Maar….. een tweede en een goede optie werd Kinderdijk. Toen ik aan haar dezelfde vraag stelde, waarom zij daar naartoe wilde, vertelde zij:
” Daar hadden wij het laatst op school over en het lijkt mij leuk om eens te zien. Dat is toch met al die molens en zo? Haha..” Ik vond het een prima idee maar wellicht iets te dicht bij. Dus ik had voorgesteld om na Kinderdijk richting de Biesbosch te fietsen en daar te overnachten.
Op woensdag 16 augustus 2017 rond 10.00 uur, waren wij klaar om te gaan. Het was prachtig weer.
"On the road together”.
De start was een beetjes stroef, ik dacht namelijk dat alles klaar en geregeld was. Maar toen ik op mijn fiets stapte bleek mijn voorband plat te zijn. Ik had de banden toch gecontroleerd dacht ik….? Kennelijk niet.
Gelukkig had ik mentale steun en bemoedigde woorden van mijn dochter, "Pap....gaan we nog, het duurt lang! " Het bleef gelukkig bij een zachte band, dus oppompen en gaan.
De route ging door het Rotterdamse langs de Nieuwe Maas. In de richting van Krimpen aan de IJssel. Vervolgens gingen we door naar Krimpen aan de Lek om daar met een pont over te steken naar Kinderdijk. Nu nog even de bordjes volgen naar die molens. Bij een t-splitsing aangekomen kon ik niet direct een keuze maken. Moeten we nu links of moeten we nu rechtsaf. Nu is het zo…als je lang genoeg wacht met SPD klikpedalen (waar je voeten vast aan de trappers zitten) gaat het niet goed. En ja hoor daar lag ik. Het voordeel was wel dat we even de tijd hadden om goed te kijken waar wij naartoe moesten en we konden meteen een snack nemen.
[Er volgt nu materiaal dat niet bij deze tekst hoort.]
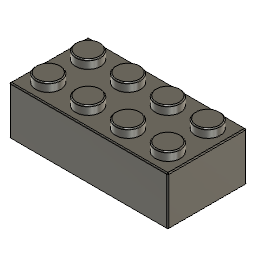
2x8 block (Autodesk Fusion 360 design; units mm, degrees)
part number: 2026-02-12-13-51-39-569
Autodesk Fusion 360 part; units mm, degrees
sketch "Sketch1" plane through (0, 0, 0) normal (0, 0, 1) x (1, 0, 0)
  line L0 (-11.8, 0) -> (20, 0)
  line L1 (20, 0) -> (20, 15.8)
  line L2 (20, 15.8) -> (-11.8, 15.8)
  line L3 (-11.8, 15.8) -> (-11.8, 0)
  dimension "d2" = 15.8
  dimension "d3" = 31.8
  constraint horizontal L0
  constraint vertical L1
  constraint horizontal L2
  constraint vertical L3
  measures "d2" distance of L0 L2
  measures "d3" distance of L1 L3
extrude "Extrude1" add sketch "Sketch1" along normal blind 9.6
sketch "Sketch2" plane through (0, 0, 9.6) normal (0, 0, 1) x (-1, 0, 0)
  line L0 (11.8, -15.8) -> (11.8, 0)
  line L1 (11.8, 0) -> (-20, 0)
  line L2 (-20, 0) -> (-20, -15.8)
  line L3 (-20, -15.8) -> (11.8, -15.8)
  circle A0 centre (-16.1, -3.9) radius 2.5
  dimension "d6" = 5
  dimension "d7" = 3.9
  dimension "d8" = 3.9
  measures "d6" diameter of A0
  measures "d7" distance of L1 A0.centre
  measures "d8" distance of L2 A0.centre
extrude "Extrude2" add sketch "Sketch2" along normal blind 1.7 contours A0
pattern_linear "R-Pattern1" count 4 spacing 8 along (-1, 0, 0) count 2 spacing 8 along (0, 1, 0) of "Extrude2"
shell "Shell1" thickness 1.49 removed faces 1 at (9.4, 10.5333, 0)
sketch "Sketch3" plane through (0, 0, 8.11) normal (0, 0, -1) x (1, 0, 0)
  circle A0 centre (-7.9, -11.9) radius 1.01
  circle A1 centre (0.1, -11.9) radius 1.01
  circle A2 centre (8.1, -11.9) radius 1.01
  circle A3 centre (16.1, -11.9) radius 1.01
  circle A4 centre (-7.9, -3.9) radius 1.01
  circle A5 centre (0.1, -3.9) radius 1.01
  circle A6 centre (8.1, -3.9) radius 1.01
  circle A7 centre (16.1, -3.9) radius 1.01
  line L0 (-10.31, -1.49) -> (-10.31, -14.31)
  line L1 (-10.31, -14.31) -> (18.51, -14.31)
  line L2 (18.51, -14.31) -> (18.51, -1.49)
  line L3 (18.51, -1.49) -> (-10.31, -1.49)
  line L4 (0.1, -3.9) -> (-7.9, -11.9) construction
  circle A8 centre (-3.9, -7.9) radius 3.15
  circle A9 centre (-3.9, -7.9) radius 2.15
  dimension "d16" = 6.3
  dimension "d18" = -1
  constraint coincident A5.centre L4.start
  constraint coincident A0.centre L4.end
  constraint midpoint L4 A8.centre
  measures "d16" diameter of A8
extrude "Extrude3" add sketch "Sketch3" along normal blind 8.1 contours A8
pattern_linear "R-Pattern2" count 1 spacing 0 along (0, 1, 0) count 3 spacing 8 along (1, 0, 0) of "Extrude3"
fillet "Fillet1" radius 0.2 16 edges at (10.4308, 4.804, 11.3) (18.4308, 4.804, 11.3) (18.4308, 12.804, 11.3) (10.4308, 12.804, 11.3) (2.4308, 12.804, 11.3) (2.4308, 4.804, 11.3) (-5.5692, 4.804, 11.3) (-5.5692, 12.804, 11.3) (-11.8, 7.9, 9.6) (4.1, 0, 9.6) (4.1, 15.8, 9.6) (20, 7.9, 9.6) (20, 15.8, 4.8) (20, 0, 4.8) (-11.8, 0, 4.8) (-11.8, 15.8, 4.8)
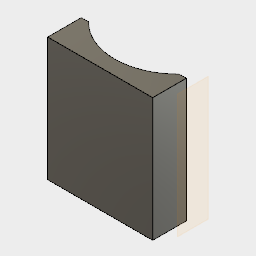
soporte_IMU (Autodesk Fusion 360 design; units mm, degrees)
Autodesk Fusion 360 part; units mm, degrees
sketch "Sketch1" plane through (0, 0, 0) normal (0, 1, 0) x (1, 0, 0)
  circle A0 centre (0, 0) radius 20
  dimension "d1" = 40
  measures "d1" diameter of A0
extrude "Extrude1" add sketch "Sketch1" along normal blind 140
sketch "Sketch2" plane through (0, 140, 0) normal (0, 1, 0) x (-1, 0, 0)
  circle A0 centre (0, 0) radius 20
  circle A1 centre (0, 0) radius 17
  dimension "d4" = 34
  measures "d4" diameter of A1
extrude "Extrude2" add sketch "Sketch2" along normal blind 20 contours A1
sketch "Sketch3" plane through (0, 0, 0) normal (1, 0, 0) x (0, 0, -1)
sketch "Sketch4" plane through (0, 0, 0) normal (0, -1, 0) x (1, 0, 0)
  circle A0 centre (0, 0) radius 20
  line L0 (0, 20) -> (-20, 20)
  line L1 (-20, 20) -> (-20, 10)
  line L2 (-20, 10) -> (20, 10)
  line L3 (20, 10) -> (20, 20)
  line L4 (20, 20) -> (0, 20)
extrude "Extrude3" add sketch "Sketch4" against normal blind 40 contours A0 L2 L3 L4 | A0 L0 L1 L2
sketch "Sketch5" plane through (20, 0, 0) normal (1, 0, 0) x (0, 0, -1)
  line L0 (-20, 0) -> (-10, 0)
  line L1 (-10, 0) -> (-10, 40)
  line L2 (-10, 40) -> (-20, 40)
  line L3 (-20, 40) -> (-20, 0)
sketch "Sketch6" plane through (0, 0, 0) normal (0, 1, 0) x (1, 0, 0)
extrude "Extrude4" add 1 faces at (0, 13.3333, 20) along direction (0, 0, 1) blind 5
sketch "Sketch7" plane through (0, 0, 0) normal (0, 1, 0) x (1, 0, 0)
  circle A0 centre (0, 0) radius 20.3
  dimension "d15" = 40.6
  measures "d15" diameter of A0
extrude "Extrude5" cut sketch "Sketch7" along normal blind 165
extrude "Extrude6" cut 1 faces at (-20, 13.3333, 20) along direction (1, 0, 0) blind 3
extrude "Extrude7" cut 1 faces at (20, 13.3333, 20) along direction (-1, 0, 0) blind 3
sketch "Sketch8" plane through (0, 0, 0) normal (1, 0, 0) x (0, 0, -1)
  line L0 (-11.0946, 40) -> (-14.0946, 40)
  line L1 (-14.0946, 40) -> (-14.0946, -0.0914)
  line L2 (-14.0946, -0.0914) -> (-11.0946, -0.0914)
  line L3 (-11.0946, -0.0914) -> (-11.0946, 40)
  point P0 (-11.0946, 40)
  dimension "d22" = 3
  measures "d22" distance of P0 L0.end
extrude "Extrude8" cut sketch "Sketch8" along normal blind 20 and the other way blind 20

Nou… daar waren we dan in Kinderdijk. Het krioelde van de toeristen en wij vroegen ons af waarom precies. Er stonden allemaal molens, wellicht iets meer dan wij gewend waren. Maar het aantal toeristen deed ons vermoeden dat er meer aan de hand was. Maar dat was niet het geval. Na een hectische rit over de dijk gingen we verder richting de Biesbosch.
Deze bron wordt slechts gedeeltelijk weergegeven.